Work required:
The data below holds a line containing "comp perc/1 -> Mux1/2" and a line containing "Enable Gripper : Constant"; please quote exactly those two lines and every line between them, and nothing else.

= = = =

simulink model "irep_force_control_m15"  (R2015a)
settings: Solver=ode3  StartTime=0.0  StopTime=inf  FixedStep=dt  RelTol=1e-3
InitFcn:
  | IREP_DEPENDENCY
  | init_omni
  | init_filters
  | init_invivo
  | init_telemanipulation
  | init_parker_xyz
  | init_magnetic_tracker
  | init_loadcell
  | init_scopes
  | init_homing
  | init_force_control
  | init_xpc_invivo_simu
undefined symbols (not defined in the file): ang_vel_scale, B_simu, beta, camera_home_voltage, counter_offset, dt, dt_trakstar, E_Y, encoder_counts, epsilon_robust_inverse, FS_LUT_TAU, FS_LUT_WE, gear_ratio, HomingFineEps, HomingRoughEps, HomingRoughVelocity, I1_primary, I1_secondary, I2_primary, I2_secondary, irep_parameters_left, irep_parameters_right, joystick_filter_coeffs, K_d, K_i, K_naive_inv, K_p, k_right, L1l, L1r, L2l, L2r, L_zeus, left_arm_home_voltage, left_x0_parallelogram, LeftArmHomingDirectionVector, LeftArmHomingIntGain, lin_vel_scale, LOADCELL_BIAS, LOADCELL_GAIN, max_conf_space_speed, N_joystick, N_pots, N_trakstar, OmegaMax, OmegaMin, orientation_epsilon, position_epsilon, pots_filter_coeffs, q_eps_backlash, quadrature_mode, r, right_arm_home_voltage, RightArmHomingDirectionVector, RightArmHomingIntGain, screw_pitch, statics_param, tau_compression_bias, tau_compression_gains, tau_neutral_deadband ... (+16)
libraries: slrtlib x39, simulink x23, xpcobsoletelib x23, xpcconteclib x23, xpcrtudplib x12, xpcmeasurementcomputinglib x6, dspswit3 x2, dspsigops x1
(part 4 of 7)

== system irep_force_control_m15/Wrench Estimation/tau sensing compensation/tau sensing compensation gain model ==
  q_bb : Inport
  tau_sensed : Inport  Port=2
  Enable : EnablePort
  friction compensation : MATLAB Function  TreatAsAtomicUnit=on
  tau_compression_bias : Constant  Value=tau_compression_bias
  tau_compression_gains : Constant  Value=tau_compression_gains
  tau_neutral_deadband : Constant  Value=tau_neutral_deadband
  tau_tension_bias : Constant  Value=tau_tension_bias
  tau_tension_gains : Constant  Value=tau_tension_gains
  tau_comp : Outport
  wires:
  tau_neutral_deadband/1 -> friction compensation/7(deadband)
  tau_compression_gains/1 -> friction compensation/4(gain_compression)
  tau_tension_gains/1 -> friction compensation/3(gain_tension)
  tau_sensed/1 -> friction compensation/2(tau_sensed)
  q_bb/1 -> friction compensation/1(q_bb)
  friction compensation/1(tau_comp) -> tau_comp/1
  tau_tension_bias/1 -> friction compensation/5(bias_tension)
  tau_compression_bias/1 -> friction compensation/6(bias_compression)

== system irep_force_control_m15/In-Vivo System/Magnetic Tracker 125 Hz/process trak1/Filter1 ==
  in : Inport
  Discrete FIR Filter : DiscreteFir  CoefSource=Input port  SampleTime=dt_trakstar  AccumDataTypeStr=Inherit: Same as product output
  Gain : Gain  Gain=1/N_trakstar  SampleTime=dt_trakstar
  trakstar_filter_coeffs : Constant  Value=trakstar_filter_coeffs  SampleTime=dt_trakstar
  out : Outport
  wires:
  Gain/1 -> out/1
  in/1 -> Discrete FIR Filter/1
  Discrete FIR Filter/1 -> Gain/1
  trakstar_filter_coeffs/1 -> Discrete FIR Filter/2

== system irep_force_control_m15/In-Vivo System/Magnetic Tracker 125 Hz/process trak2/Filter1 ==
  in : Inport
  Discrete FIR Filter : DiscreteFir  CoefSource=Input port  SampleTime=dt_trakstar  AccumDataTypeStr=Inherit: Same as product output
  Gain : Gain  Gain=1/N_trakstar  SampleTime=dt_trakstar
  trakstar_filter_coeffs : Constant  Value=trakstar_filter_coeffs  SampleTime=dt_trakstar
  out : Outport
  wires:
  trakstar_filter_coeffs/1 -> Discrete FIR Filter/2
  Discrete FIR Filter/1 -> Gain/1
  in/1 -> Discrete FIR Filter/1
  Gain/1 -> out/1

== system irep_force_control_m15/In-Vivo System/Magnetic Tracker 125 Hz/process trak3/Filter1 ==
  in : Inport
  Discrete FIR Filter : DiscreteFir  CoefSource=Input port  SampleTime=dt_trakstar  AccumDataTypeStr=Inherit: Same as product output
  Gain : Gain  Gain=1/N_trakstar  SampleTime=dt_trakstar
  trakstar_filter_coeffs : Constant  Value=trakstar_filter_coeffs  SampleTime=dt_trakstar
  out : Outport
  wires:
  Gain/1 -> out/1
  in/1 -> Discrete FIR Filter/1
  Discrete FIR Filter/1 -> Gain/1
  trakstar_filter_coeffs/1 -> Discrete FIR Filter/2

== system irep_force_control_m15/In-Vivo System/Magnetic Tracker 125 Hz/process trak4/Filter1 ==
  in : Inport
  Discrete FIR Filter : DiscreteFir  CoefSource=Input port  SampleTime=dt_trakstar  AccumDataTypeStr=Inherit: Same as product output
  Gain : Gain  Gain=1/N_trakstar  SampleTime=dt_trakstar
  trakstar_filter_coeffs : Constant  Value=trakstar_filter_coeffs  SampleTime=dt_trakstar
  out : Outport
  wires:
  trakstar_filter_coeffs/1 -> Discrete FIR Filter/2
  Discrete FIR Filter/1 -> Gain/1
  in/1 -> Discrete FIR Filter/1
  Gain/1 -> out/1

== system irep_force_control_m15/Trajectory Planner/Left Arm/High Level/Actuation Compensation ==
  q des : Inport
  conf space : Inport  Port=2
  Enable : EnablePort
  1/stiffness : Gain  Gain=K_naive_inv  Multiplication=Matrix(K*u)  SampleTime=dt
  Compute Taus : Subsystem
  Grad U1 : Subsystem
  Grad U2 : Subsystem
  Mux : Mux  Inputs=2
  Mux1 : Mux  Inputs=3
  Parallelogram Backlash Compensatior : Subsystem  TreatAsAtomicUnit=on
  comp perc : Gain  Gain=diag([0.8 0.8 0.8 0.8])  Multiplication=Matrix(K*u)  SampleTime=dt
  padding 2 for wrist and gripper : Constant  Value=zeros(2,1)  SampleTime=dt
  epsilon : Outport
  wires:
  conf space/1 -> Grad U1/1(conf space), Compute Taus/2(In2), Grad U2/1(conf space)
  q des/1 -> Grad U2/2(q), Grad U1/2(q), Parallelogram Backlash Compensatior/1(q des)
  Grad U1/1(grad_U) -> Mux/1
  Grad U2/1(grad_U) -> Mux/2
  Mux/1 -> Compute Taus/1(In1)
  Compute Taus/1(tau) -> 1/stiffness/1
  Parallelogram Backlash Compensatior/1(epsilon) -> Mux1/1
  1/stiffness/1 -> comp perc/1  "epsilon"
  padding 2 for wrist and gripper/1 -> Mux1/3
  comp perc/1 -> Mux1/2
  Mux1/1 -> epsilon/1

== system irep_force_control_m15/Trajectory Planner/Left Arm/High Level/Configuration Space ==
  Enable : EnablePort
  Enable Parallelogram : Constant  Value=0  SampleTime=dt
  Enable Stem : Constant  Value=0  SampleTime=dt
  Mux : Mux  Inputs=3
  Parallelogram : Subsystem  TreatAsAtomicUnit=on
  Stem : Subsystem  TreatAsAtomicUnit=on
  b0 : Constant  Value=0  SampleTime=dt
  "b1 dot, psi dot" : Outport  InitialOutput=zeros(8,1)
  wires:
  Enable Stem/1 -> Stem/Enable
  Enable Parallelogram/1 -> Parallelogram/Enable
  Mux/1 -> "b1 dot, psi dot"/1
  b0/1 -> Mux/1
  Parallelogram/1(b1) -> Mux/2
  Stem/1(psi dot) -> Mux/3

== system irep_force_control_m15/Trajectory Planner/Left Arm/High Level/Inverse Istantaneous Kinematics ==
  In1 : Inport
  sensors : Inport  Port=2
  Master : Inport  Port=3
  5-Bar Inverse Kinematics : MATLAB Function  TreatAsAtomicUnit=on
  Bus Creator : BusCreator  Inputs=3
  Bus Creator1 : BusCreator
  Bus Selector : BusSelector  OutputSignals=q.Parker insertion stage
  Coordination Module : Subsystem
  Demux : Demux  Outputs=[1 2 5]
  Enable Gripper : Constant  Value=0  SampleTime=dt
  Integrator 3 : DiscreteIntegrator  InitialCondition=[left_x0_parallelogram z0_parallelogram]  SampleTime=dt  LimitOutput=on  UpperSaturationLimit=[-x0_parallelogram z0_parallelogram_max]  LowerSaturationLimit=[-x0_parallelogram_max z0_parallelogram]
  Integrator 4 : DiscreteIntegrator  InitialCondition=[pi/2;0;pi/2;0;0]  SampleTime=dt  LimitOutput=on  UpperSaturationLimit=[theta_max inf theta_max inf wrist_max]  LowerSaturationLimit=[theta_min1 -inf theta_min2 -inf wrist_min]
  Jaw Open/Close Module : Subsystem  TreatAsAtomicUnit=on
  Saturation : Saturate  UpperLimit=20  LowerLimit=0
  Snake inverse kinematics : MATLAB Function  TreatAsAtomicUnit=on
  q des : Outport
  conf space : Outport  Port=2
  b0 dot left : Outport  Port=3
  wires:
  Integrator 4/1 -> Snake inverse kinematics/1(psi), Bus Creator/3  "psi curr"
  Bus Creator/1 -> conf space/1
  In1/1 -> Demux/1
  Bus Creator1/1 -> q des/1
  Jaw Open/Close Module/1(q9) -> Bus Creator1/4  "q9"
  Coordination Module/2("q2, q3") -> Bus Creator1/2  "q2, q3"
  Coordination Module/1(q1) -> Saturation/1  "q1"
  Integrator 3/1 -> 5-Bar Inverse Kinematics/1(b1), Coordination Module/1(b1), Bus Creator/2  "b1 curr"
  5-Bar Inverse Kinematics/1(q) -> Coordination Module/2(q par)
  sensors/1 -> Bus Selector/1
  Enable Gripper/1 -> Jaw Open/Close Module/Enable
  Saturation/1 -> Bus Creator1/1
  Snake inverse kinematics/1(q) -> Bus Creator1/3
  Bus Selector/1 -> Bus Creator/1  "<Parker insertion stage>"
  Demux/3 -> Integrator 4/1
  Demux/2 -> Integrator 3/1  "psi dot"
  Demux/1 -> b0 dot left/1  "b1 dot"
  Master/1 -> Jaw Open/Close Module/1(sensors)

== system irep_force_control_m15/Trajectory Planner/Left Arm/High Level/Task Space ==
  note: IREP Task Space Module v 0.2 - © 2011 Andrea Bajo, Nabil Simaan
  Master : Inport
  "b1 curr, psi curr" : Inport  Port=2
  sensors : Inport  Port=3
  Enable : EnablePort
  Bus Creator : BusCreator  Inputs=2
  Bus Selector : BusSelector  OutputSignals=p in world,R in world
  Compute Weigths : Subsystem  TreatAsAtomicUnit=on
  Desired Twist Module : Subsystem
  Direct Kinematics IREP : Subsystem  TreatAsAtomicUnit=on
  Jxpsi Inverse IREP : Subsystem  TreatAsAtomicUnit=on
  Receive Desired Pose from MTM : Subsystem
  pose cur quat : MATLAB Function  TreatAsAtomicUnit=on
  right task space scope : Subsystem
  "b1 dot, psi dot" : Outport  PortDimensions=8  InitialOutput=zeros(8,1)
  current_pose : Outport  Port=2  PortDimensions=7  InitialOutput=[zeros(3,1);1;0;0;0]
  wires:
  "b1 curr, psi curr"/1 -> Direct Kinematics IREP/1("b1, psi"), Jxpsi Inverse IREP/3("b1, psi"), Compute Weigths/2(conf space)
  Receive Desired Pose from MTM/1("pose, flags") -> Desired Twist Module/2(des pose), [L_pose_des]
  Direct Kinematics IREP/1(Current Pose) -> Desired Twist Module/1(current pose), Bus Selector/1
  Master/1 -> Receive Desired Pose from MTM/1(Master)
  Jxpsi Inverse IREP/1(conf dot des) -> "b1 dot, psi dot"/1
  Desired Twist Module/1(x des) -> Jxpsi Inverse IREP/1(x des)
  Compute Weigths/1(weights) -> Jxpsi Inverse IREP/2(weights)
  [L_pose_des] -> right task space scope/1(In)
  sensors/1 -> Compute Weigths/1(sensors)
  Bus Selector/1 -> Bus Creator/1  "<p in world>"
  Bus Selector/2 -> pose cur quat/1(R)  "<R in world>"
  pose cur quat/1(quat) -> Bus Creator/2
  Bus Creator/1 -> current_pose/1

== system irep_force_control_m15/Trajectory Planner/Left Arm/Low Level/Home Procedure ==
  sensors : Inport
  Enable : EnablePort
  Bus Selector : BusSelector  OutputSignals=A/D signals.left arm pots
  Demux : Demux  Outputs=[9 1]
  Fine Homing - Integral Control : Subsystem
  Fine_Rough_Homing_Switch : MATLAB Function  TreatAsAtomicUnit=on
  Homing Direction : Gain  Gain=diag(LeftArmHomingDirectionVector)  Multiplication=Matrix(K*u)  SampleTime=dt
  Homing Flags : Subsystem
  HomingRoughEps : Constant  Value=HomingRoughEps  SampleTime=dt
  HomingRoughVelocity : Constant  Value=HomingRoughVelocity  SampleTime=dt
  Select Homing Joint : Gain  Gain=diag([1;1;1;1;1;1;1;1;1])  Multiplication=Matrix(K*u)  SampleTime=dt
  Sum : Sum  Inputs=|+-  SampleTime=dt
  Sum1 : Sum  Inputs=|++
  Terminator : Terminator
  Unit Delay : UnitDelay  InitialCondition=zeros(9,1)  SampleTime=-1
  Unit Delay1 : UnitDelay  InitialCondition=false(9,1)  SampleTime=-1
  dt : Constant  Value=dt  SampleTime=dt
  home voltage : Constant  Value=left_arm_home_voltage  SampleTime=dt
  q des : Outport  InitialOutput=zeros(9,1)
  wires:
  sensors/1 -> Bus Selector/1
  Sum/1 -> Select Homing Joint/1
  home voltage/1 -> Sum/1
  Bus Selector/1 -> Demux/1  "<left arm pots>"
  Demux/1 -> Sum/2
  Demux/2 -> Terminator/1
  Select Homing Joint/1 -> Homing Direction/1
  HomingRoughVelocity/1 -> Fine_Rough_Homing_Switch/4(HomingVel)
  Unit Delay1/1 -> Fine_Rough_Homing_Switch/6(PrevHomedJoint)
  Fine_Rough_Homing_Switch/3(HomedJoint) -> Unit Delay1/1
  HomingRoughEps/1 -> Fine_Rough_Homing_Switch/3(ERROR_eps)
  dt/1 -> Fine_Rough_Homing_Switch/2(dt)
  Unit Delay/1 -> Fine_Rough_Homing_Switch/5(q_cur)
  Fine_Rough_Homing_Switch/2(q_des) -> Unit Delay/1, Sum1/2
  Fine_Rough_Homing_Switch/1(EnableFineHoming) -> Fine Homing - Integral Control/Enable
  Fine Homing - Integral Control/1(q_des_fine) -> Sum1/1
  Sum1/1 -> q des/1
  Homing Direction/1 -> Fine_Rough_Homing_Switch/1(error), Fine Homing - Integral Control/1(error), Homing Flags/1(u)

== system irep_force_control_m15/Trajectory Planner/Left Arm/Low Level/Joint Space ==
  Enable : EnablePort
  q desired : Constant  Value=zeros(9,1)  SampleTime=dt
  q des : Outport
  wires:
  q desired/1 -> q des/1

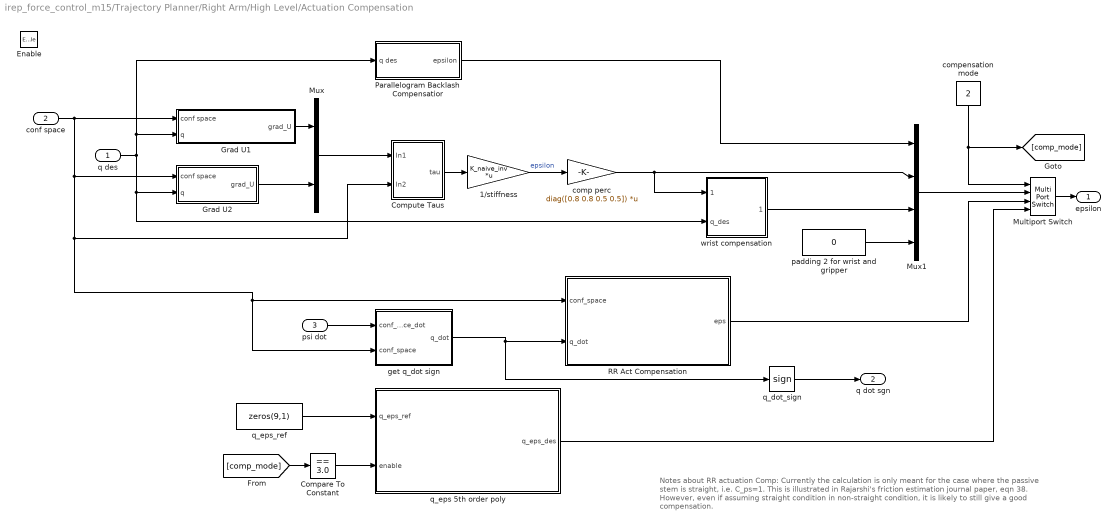
== system irep_force_control_m15/Trajectory Planner/Right Arm/High Level/Actuation Compensation ==
  note: Notes about RR actuation Comp:
      | Currently the calculation is only meant for the case where the passive stem is straight, i.e. C_ps=1.
      | This is illustrated in Rajarshi's friction estimation journal paper, eqn 38.
      | However, even if assuming straight condition in non-straight condition,
      | it is likely to still give a good compensation.
  q des : Inport
  conf space : Inport  Port=2
  psi dot : Inport  Port=3
  Enable : EnablePort
  1/stiffness : Gain  Gain=K_naive_inv  Multiplication=Matrix(K*u)  SampleTime=dt
  Compare To Constant : simulink/Logic and Bit Operations/Compare To Constant  relop===  const=3.0  OutDataTypeStr=uint8
  Compute Taus : Subsystem
  Grad U1 : Subsystem
  Grad U2 : Subsystem
  Multiport Switch : MultiPortSwitch
  Mux : Mux  Inputs=2
  Mux1 : Mux
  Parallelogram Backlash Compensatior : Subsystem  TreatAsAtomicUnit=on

= = = =

Your response:
  comp perc/1 -> Mux1/2
  Mux1/1 -> epsilon/1

== system irep_force_control_m15/Trajectory Planner/Left Arm/High Level/Configuration Space ==
  Enable : EnablePort
  Enable Parallelogram : Constant  Value=0  SampleTime=dt
  Enable Stem : Constant  Value=0  SampleTime=dt
  Mux : Mux  Inputs=3
  Parallelogram : Subsystem  TreatAsAtomicUnit=on
  Stem : Subsystem  TreatAsAtomicUnit=on
  b0 : Constant  Value=0  SampleTime=dt
  "b1 dot, psi dot" : Outport  InitialOutput=zeros(8,1)
  wires:
  Enable Stem/1 -> Stem/Enable
  Enable Parallelogram/1 -> Parallelogram/Enable
  Mux/1 -> "b1 dot, psi dot"/1
  b0/1 -> Mux/1
  Parallelogram/1(b1) -> Mux/2
  Stem/1(psi dot) -> Mux/3

== system irep_force_control_m15/Trajectory Planner/Left Arm/High Level/Inverse Istantaneous Kinematics ==
  In1 : Inport
  sensors : Inport  Port=2
  Master : Inport  Port=3
  5-Bar Inverse Kinematics : MATLAB Function  TreatAsAtomicUnit=on
  Bus Creator : BusCreator  Inputs=3
  Bus Creator1 : BusCreator
  Bus Selector : BusSelector  OutputSignals=q.Parker insertion stage
  Coordination Module : Subsystem
  Demux : Demux  Outputs=[1 2 5]
  Enable Gripper : Constant  Value=0  SampleTime=dt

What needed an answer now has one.